In order to get your measurement, you're going to get a bowling ball, put it on the roof of a building, and have your buddy push it off. Meanwhile, you'll be on the ground with a stopwatch.





Let's say you've got a meter stick to measure the height of the roof (the initial height of the ball, equal to d0), and it's marked in millimeters. You come up with a measurement of d0 = 10.231 m above the ground. And of course, when the ball hits the ground, its height is exactly 0 m (infinite precision).





You don't have to measure the initial velocity, because your buddy isn't giving it any. We can assume it's exactly v0 = 0 m/s (infinite precision).





Let's plug those into our equation.





g = 2*[0 - 10.231 m - 0 m/s * t] / t^2


g = 2*-10.231 m / t^2


g = -20.462 m / t^2





Now, the only other thing you have to measure to find the value of g is the time. Let's say you have a stopwatch that measures in increments of seconds. You start it when your buddy drops the ball, and stop it when the ball hits the ground. When you read it, it says the time elapsed is 1 second.





You plug that into the equation for g, and you get





g = -20.462 m / (1 s)^2


g = -20.462 m/s^2





But wait! Other people have measured the acceleration of gravity very precisely, as being -9.80665 m/s^2. What's going on here? Is something affecting your local gravitational field? Should you win a Nobel Prize for your discovery? Or maybe you've just done your experiment incorrectly and you should get an F in physics class.
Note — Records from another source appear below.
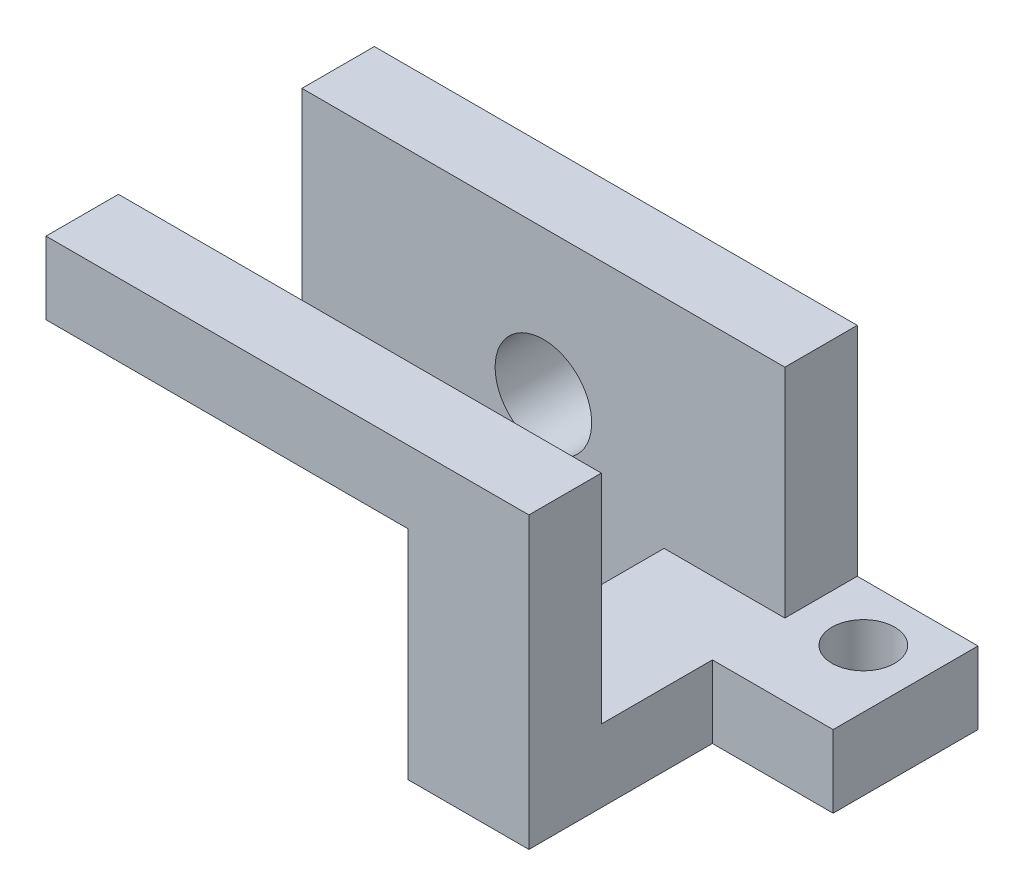
SolidWorks part; units mm, degrees
ref_plane "Front Plane" through (0, 0, 0) normal (0, 0, 1) x (1, 0, 0)
ref_plane "Top Plane" through (0, 0, 0) normal (0, 1, 0) x (1, 0, 0)
ref_plane "Right Plane" through (0, 0, 0) normal (1, 0, 0) x (0, 0, -1)
sketch "Sketch1" plane through (0, 0, 0) normal (0, 0, 1) x (1, 0, 0)
  line L1 (0, 0) -> (-100, 0)
  line L2 (0, 0) -> (0, 60)
  line L3 (0, 60) -> (-100, 60)
  line L4 (-100, 0) -> (-100, 60)
  dimension "D1" = 100
  dimension "D2" = 60
extrude "Boss-Extrude1" add sketch "Sketch1" along normal blind 15
sketch "Sketch2" plane through (0, 0, 15) normal (0, 0, 1) x (1, 0, 0)
  line L1 (0, 0) -> (-25, 0)
  line L2 (0, 0) -> (0, 15)
  line L3 (0, 15) -> (-25, 15)
  line L4 (-25, 0) -> (-25, 15)
  dimension "D1" = 15
  dimension "D2" = 25
extrude "Boss-Extrude2" add sketch "Sketch2" along normal blind 38
sketch "Sketch4" plane through (0, 0, 53) normal (0, 0, 1) x (1, 0, 0)
  line L1 (0, 0) -> (-100, 0)
  line L2 (0, 0) -> (0, 60)
  line L3 (0, 60) -> (-100, 60)
  line L4 (-100, 0) -> (-100, 60)
extrude "Boss-Extrude3" add sketch "Sketch4" along normal blind 15
sketch "Sketch5" plane through (0, 0, 53) normal (0, 0, -1) x (-1, 0, 0)
  line L0 (100, 60) -> (100, 0) construction
  line L1 (25, 0) -> (100, 0)
  line L2 (25, 0) -> (25, 45)
  line L3 (25, 45) -> (100, 45)
  line L4 (100, 0) -> (100, 45)
  line L5 (0, 60) -> (100, 60) construction
  dimension "D1" = 15
extrude "Cut-Extrude1" cut sketch "Sketch5" against normal blind 15
sketch "Sketch6" plane through (0, 0, 0) normal (1, 0, 0) x (0, 0, -1)
  line L0 (-53, 15) -> (-15, 15) construction
  line L1 (0, 0) -> (-30, 0)
  line L2 (0, 0) -> (0, 15)
  line L3 (0, 15) -> (-30, 15)
  line L4 (-30, 0) -> (-30, 15)
  dimension "D1" = 30
extrude "Boss-Extrude4" add sketch "Sketch6" along normal blind 25
sketch "Sketch7" plane through (0, 15, 0) normal (0, 1, 0) x (1, 0, 0)
  line L0 (25, 0) -> (25, -30) construction
  line L1 (-25, -53) -> (-25, -15) construction
  line L2 (25, -30) -> (0, -30) construction
  line L3 (25, 0) -> (0, 0) construction
  circle A0 centre (13, -11.7414) radius 6.5
  dimension "D2" = 13
  dimension "D1" = 12
  dimension "D3" = 50
  dimension "D4" = 30
extrude "Cut-Extrude2" cut sketch "Sketch7" against normal blind 15
sketch "Sketch8" plane through (0, 0, 0) normal (0, 0, -1) x (-1, 0, 0)
  line L0 (100, 0) -> (-25, 0) construction
  line L2 (100, 60) -> (100, 0) construction
  circle A0 centre (50, 30) radius 10
  point P6 (-75.9426, 76.9441)
  dimension "D3" = 20
  dimension "D1" = 30
  dimension "D2" = 50
extrude "Cut-Extrude3" cut sketch "Sketch8" against normal blind 15
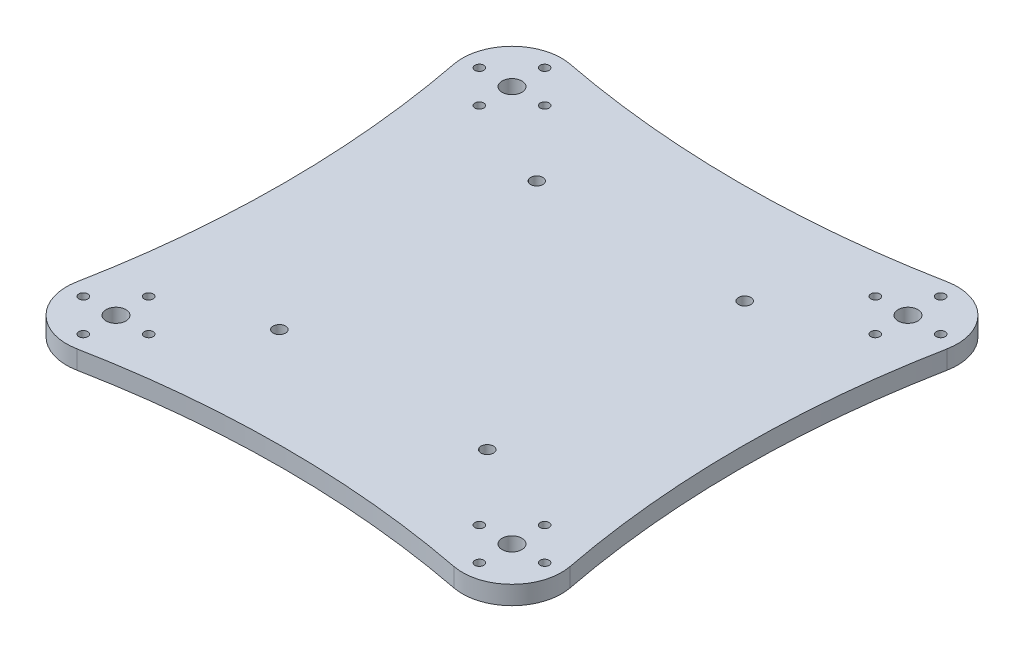
SolidWorks part; units mm, degrees
ref_plane "Front Plane" through (0, 0, 0) normal (0, 0, 1) x (1, 0, 0)
ref_plane "Top Plane" through (0, 0, 0) normal (0, 1, 0) x (1, 0, 0)
ref_plane "Right Plane" through (0, 0, 0) normal (1, 0, 0) x (0, 0, -1)
sketch "Sketch1" plane through (0, 0, 0) normal (0, 1, 0) x (1, 0, 0)
  line L4 (-50.8, 50.8) -> (50.8, -50.8) construction
  line L5 (26.67, 33.02) -> (-26.67, -33.02) construction
  arc A0 (-48.381, 63.2675) -> (-63.2675, 48.381) centre (-50.8, 50.8) ccw
  arc A1 (-63.2675, -48.381) -> (-48.381, -63.2675) centre (-50.8, -50.8) ccw
  arc A2 (48.381, -63.2675) -> (63.2675, -48.381) centre (50.8, -50.8) ccw
  arc A3 (63.2675, 48.381) -> (48.381, 63.2675) centre (50.8, 50.8) ccw
  circle A8 centre (-26.67, 33.02) radius 1.5875
  circle A9 centre (26.67, 33.02) radius 1.5875
  circle A10 centre (-26.67, -33.02) radius 1.5875
  circle A11 centre (26.67, -33.02) radius 1.5875
  arc A12 (-48.381, 63.2675) -> (48.381, 63.2675) centre (0, 312.6172) ccw
  arc A13 (-63.2675, 48.381) -> (-63.2675, -48.381) centre (-312.6172, 0) cw
  arc A14 (63.2675, 48.381) -> (63.2675, -48.381) centre (312.6172, 0) ccw
  arc A15 (48.381, -63.2675) -> (-48.381, -63.2675) centre (0, -312.6172) ccw
  point P16 (0, 0)
  point P26 (0, 0)
  dimension "D3" = 12.7
  dimension "D7" = 3.175
  dimension "D8" = 254
  dimension "D1" = 101.6
  dimension "D2" = 101.6
  dimension "D5" = 53.34
  dimension "D6" = 66.04
extrude "Boss-Extrude1" add sketch "Sketch1" along normal blind 4.7625
sketch "Sketch11" plane through (0, 4.7625, 0) normal (0, 1, 0) x (1, 0, 0)
  arc A0 (-48.381, 63.2675) -> (-63.2675, 48.381) centre (-50.8, 50.8) ccw construction
  arc A1 (-48.381, 63.2675) -> (-63.2675, 48.381) centre (-50.8, 50.8) ccw construction
  circle A2 centre (-50.8, 50.8) radius 2.54
  circle A3 centre (-42.418, 50.8) radius 1.143
  circle A4 centre (-50.8, 42.418) radius 1.143
  circle A5 centre (-59.182, 50.8) radius 1.143
  circle A6 centre (-50.8, 59.182) radius 1.143
  circle A7 centre (50.8, 50.8) radius 2.54
  circle A8 centre (59.182, 50.8) radius 1.143
  circle A9 centre (50.8, 42.418) radius 1.143
  circle A10 centre (42.418, 50.8) radius 1.143
  circle A11 centre (50.8, 59.182) radius 1.143
  circle A12 centre (50.8, -50.8) radius 2.54
  circle A13 centre (59.182, -50.8) radius 1.143
  circle A14 centre (50.8, -59.182) radius 1.143
  circle A15 centre (42.418, -50.8) radius 1.143
  circle A16 centre (50.8, -42.418) radius 1.143
  circle A17 centre (-50.8, -50.8) radius 2.54
  circle A18 centre (-42.418, -50.8) radius 1.143
  circle A19 centre (-50.8, -59.182) radius 1.143
  circle A20 centre (-59.182, -50.8) radius 1.143
  circle A21 centre (-50.8, -42.418) radius 1.143
  arc A22 (48.381, -63.2675) -> (63.2675, -48.381) centre (50.8, -50.8) ccw construction
  arc A23 (48.381, -63.2675) -> (63.2675, -48.381) centre (50.8, -50.8) ccw construction
  point P15 (-50.8, 50.8)
  point P26 (50.8, 50.8)
  point P37 (50.8, -50.8)
  point P48 (-50.8, -50.8)
  dimension "D1" = 5.08
  dimension "D2" = 2.286
  dimension "D3" = 8.382
  dimension "D5" = 2
  dimension "D6" = 2
  dimension "D4" = 4
extrude "Cut-Extrude1" cut sketch "Sketch11" against normal through all

Well, no, none of those things are true. You just didn't pay attention to significant figures. If you had, you would have rounded your answer to one decimal place, because of the precision of the 1 s measurement of time. Then you would have gotten g = 20 m/s^2. Actually, we should write that in scientific notation so there's no confusion about the precision. g = 2 x 10^1 m/s^2.





Now, when you compare that to the accepted value of 9.81 m/s^2, you can see that the difference in your measurement is just experimental error. And when your value is that far off, you don't gain anything by adding extra decimal places. As a matter of fact, you actually lose something, because you trick your reader into thinking that those extra decimal places are important - that your value is determined that precisely.





Reporting it as g = 2 x 10^1 m/s^2 indicates to the reader that there's a margin of error about the size of the last digit - around 卤1 x 10^1 m/s^2. If you compare that to the actual error, you'll see it's pretty close.





Let's repeat the measurement with a stopwatch that measures tenths of a second. This time, you get a time of 1.4 s. That gives you





g = -20.462 m / (1.4 s)^2


g = -10.4397959... m/s^2





This one we ought to round to one decimal place, which gives us g = -10.4 m/s^2. (Actually, to be technically correct, we ought to use significant figures at each step - (1.4 s)^2 = 1.96 s^2, which rounds to 2.0 s^2, and the division gives 10.231 m/s^2, which rounds to 10.2 m/s^2.)





So, when we say g = -10.4 m/s^2, we're indicating to the reader that the measurement is correct to the ones place.





What precision stopwatch would we need to get closer to the true value? Well, if we measured to 1/100 of a second, we'd get 9.87 m/s^2, and if we measured to 1/1000 of a second, we'd get 9.813 m/s^2. Of course, making the time more precise than that wouldn't be very useful, because then our height measurement would control the precision of the answer.





So, to summarize - you round using significant figures to indicate the precision of the value you're reporting. I hope that helps you out!